In [3]:
import pandas as pd
import sys
if '../' not in sys.path:
    # necessary to access the src folder without relative imports
    sys.path.append('../')
from src.data.prepare_data import *

# Load the CSV file
df = pd.read_csv("../data/expanded_data.csv")

In [4]:
from sklearn.model_selection import StratifiedKFold
from sklearn.model_selection import LeaveOneGroupOut
 
# Split data

# Train and test data
X = df.drop(columns=['window-event','window-open', 'date_time'])
y_window_open = df['window-open']
y_window_event = df['window-event']

# N-fold cross-validation
n_folds = 10
skf = StratifiedKFold(n_splits=n_folds, shuffle=True, random_state=42)

# Leave one episode (day) out
logo = LeaveOneGroupOut()
groups = df['date_time'].apply(lambda x: pd.to_datetime(x).date())

# Train models
For now we will train against classifying window status and and window events to see which is more useful.

### Models:
- Random Forest
- Gradient Boosting
- Logistic Regression
- RNN
- LSTM
- TCN

We'll start by testing the first models. Depending on the results we will add more complex models.

### Evaluation:
Metrics to evaluate the models:
- Accuracy
- Precision
- Recall
- F1 Score

Training splits:
- k-fold cross-validation with n iterations
- leave one episode out with 50% overlap between episodes

In [5]:
from sklearn.metrics import accuracy_score, f1_score
from sklearn.ensemble import RandomForestClassifier
from sklearn.linear_model import LogisticRegression

# Get metrics for Random Forest and Logistic Regression using Stratified K-Folds

random_forest_results = {
    'window-open': {
        'accuracy': [],
        'f1': []
    },
    'window-event': {
        'accuracy': [],
        'f1': []
    }
}
logistic_regression_results = {
    'window-open': {
        'accuracy': [],
        'f1': []
    },
    'window-event': {
        'accuracy': [],
        'f1': []
    }
}

for train_index, test_index in skf.split(X, y_window_open):
    X_train, X_test = X.iloc[train_index], X.iloc[test_index]
    y_train_window_open, y_test_window_open = y_window_open.iloc[train_index], y_window_open.iloc[test_index]
    y_train_window_event, y_test_window_event = y_window_event.iloc[train_index], y_window_event.iloc[test_index]

    # Train and evaluate Random Forest model for window-open
    model = RandomForestClassifier(random_state=42)
    model.fit(X_train, y_train_window_open)
    y_pred_window_open = model.predict(X_test)
    random_forest_results['window-open']['accuracy'].append(accuracy_score(y_test_window_open, y_pred_window_open))
    random_forest_results['window-open']['f1'].append(f1_score(y_test_window_open, y_pred_window_open, zero_division=1))

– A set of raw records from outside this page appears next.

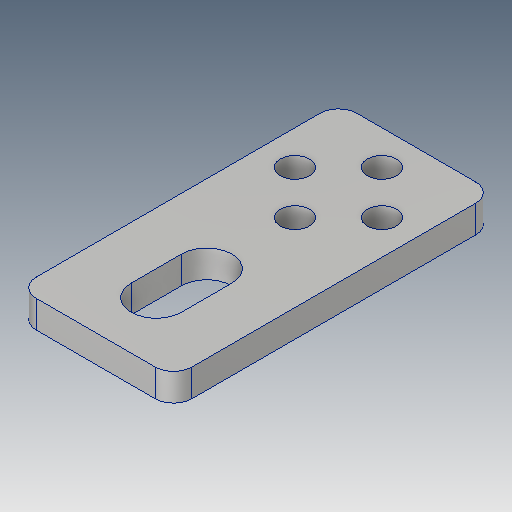
# Autodesk Inventor part: LimitSwitchMount
Saved by Autodesk Inventor 2020.3 (Build 243373000, 373)
## iProperties
Created: 2021-10-04
Part Number: LimitSwitchMount
Material: Aluminum 6061
Document SubType Name: Sheet Metal
Designer: justi
Density: 2.7 g/cm^3
Sheet Metal Rule: Default_mm
Appearance: Aluminum - Flat
Mass: 4.09364 g
Surface Area: 15.1795 cm^2
Volume: 1.51616 cm^3
Author: justi
Autodesk Inventor part; units mm, degrees
ref_plane "YZ Plane" through (0, 0, 0) normal (1, 0, 0) x (0, 1, 0)
ref_plane "XZ Plane" through (0, 0, 0) normal (0, 1, 0) x (-1, 0, 0)
sketch "Sketch1" plane through (0, 0, 0) normal (0, 1, 0) x (-1, 0, 0)
  line L0 (8.5, 17.5) -> (-8.5, 17.5)
  line L1 (-8.5, 17.5) -> (-8.5, -17.5)
  line L2 (-8.5, -17.5) -> (8.5, -17.5)
  line L3 (8.5, -17.5) -> (8.5, 17.5)
  line L4 (8.5, 17.5) -> (-8.5, -17.5) construction
  line L5 (-8.5, 17.5) -> (8.5, -17.5) construction
  line L6 (0, -17.5) -> (0, -0.5)
  line L7 (0, -9) -> (4.75, -9) construction
  circle A0 centre (0, -9) radius 4.75 construction
  line L8 (0, 10.8819) -> (0, 5.3819) construction
  line L9 (-2.75, 10.8819) -> (-2.75, 5.3819)
  line L10 (2.75, 5.3819) -> (2.75, 10.8819)
  arc A1 (2.75, 10.8819) -> (-2.75, 10.8819) centre (0, 10.8819) ccw
  arc A2 (-2.75, 5.3819) -> (2.75, 5.3819) centre (0, 5.3819) ccw
  point P0 (0, 0)
  point P1 (0, -4.25)
  point P2 (0, -13.75)
  point P3 (-4.75, -9)
  point P4 (0, 8.1319)
  dimension "d0" = 17
  dimension "d1" = 35
  dimension "d2" = 17
  dimension "d3" = 4.75
  dimension "d4" = 2.75
  dimension "d5" = 5.5
  constraints: 24 end point, 8 point on circle, 5 midpoint, 4 tangent, 3 centre point, 3 parallel, 2 coincident, 2 horizontal, 2 point on line, 2 vertical, 1 perpendicular
  measures "d0" distance of L2.end L1.end
  measures "d1" distance of L1.end L0.end
  measures "d2" distance of L6.start L6.end
  measures "d3" distance of L7.start L7.end
  measures "d4" distance of point (0, 8.132) L8.end
  measures "d5" diameter of A2
extrude "Plate1" add sketch "Sketch1" along normal blind 3
hole "Hole1" at (0, 0, -4.25) at (0, 0, -13.75) at (-4.75, 0, -9) at (4.75, 0, -9) direction (0, 1, 0) diameter 3.2 depth 3 tip angle 118
fillet "Fillet1" radius 2 4 edges at (-8.5, 1.5, 17.5) (8.5, 1.5, 17.5) (-8.5, 1.5, -17.5) (8.5, 1.5, -17.5)
ref_plane "Work Plane1" through (0, 0, 5.3819) normal (-1, 0, 0) x (0, 0, 1)
equation "\"d12\" = Thickness"
equation "\"d6\" = Thickness"
equation "\"BendRadius\" = Thickness"
equation "\"BendReliefWidth\" = Thickness"
equation "\"BendReliefDepth\" = 0.5 * Thickness"
equation "\"CornerReliefSize\" = 4 * Thickness"
equation "\"MinimumRemnant\" = 2 * Thickness"
equation "\"TransitionRadius\" = BendRadius"
equation "\"JacobiRadiusSize\" = BendRadius"
equation "\"GapSize\" = Thickness"
equation "\"Thickness\" = 3"
body "Solid1"

    # Train and evaluate Random Forest model for window-event
    model = RandomForestClassifier(random_state=42)
    model.fit(X_train, y_train_window_event)
    y_pred_window_event = model.predict(X_test)
    random_forest_results['window-event']['accuracy'].append(accuracy_score(y_test_window_event, y_pred_window_event))
    random_forest_results['window-event']['f1'].append(f1_score(y_test_window_event, y_pred_window_event, zero_division=1))

    # Train and evaluate Logistic Regression model for window-open
    model = LogisticRegression(max_iter=1000, random_state=42)
    model.fit(X_train, y_train_window_open)
    y_pred_window_open = model.predict(X_test)
    logistic_regression_results['window-open']['accuracy'].append(accuracy_score(y_test_window_open, y_pred_window_open))
    logistic_regression_results['window-open']['f1'].append(f1_score(y_test_window_open, y_pred_window_open, zero_division=1))
    
    # Train and evaluate Logistic Regression model for window-event
    model = LogisticRegression(max_iter=1000, random_state=42)
    model.fit(X_train, y_train_window_event)
    y_pred_window_event = model.predict(X_test)
    logistic_regression_results['window-event']['accuracy'].append(accuracy_score(y_test_window_event, y_pred_window_event))
    logistic_regression_results['window-event']['f1'].append(f1_score(y_test_window_event, y_pred_window_event, zero_division=1))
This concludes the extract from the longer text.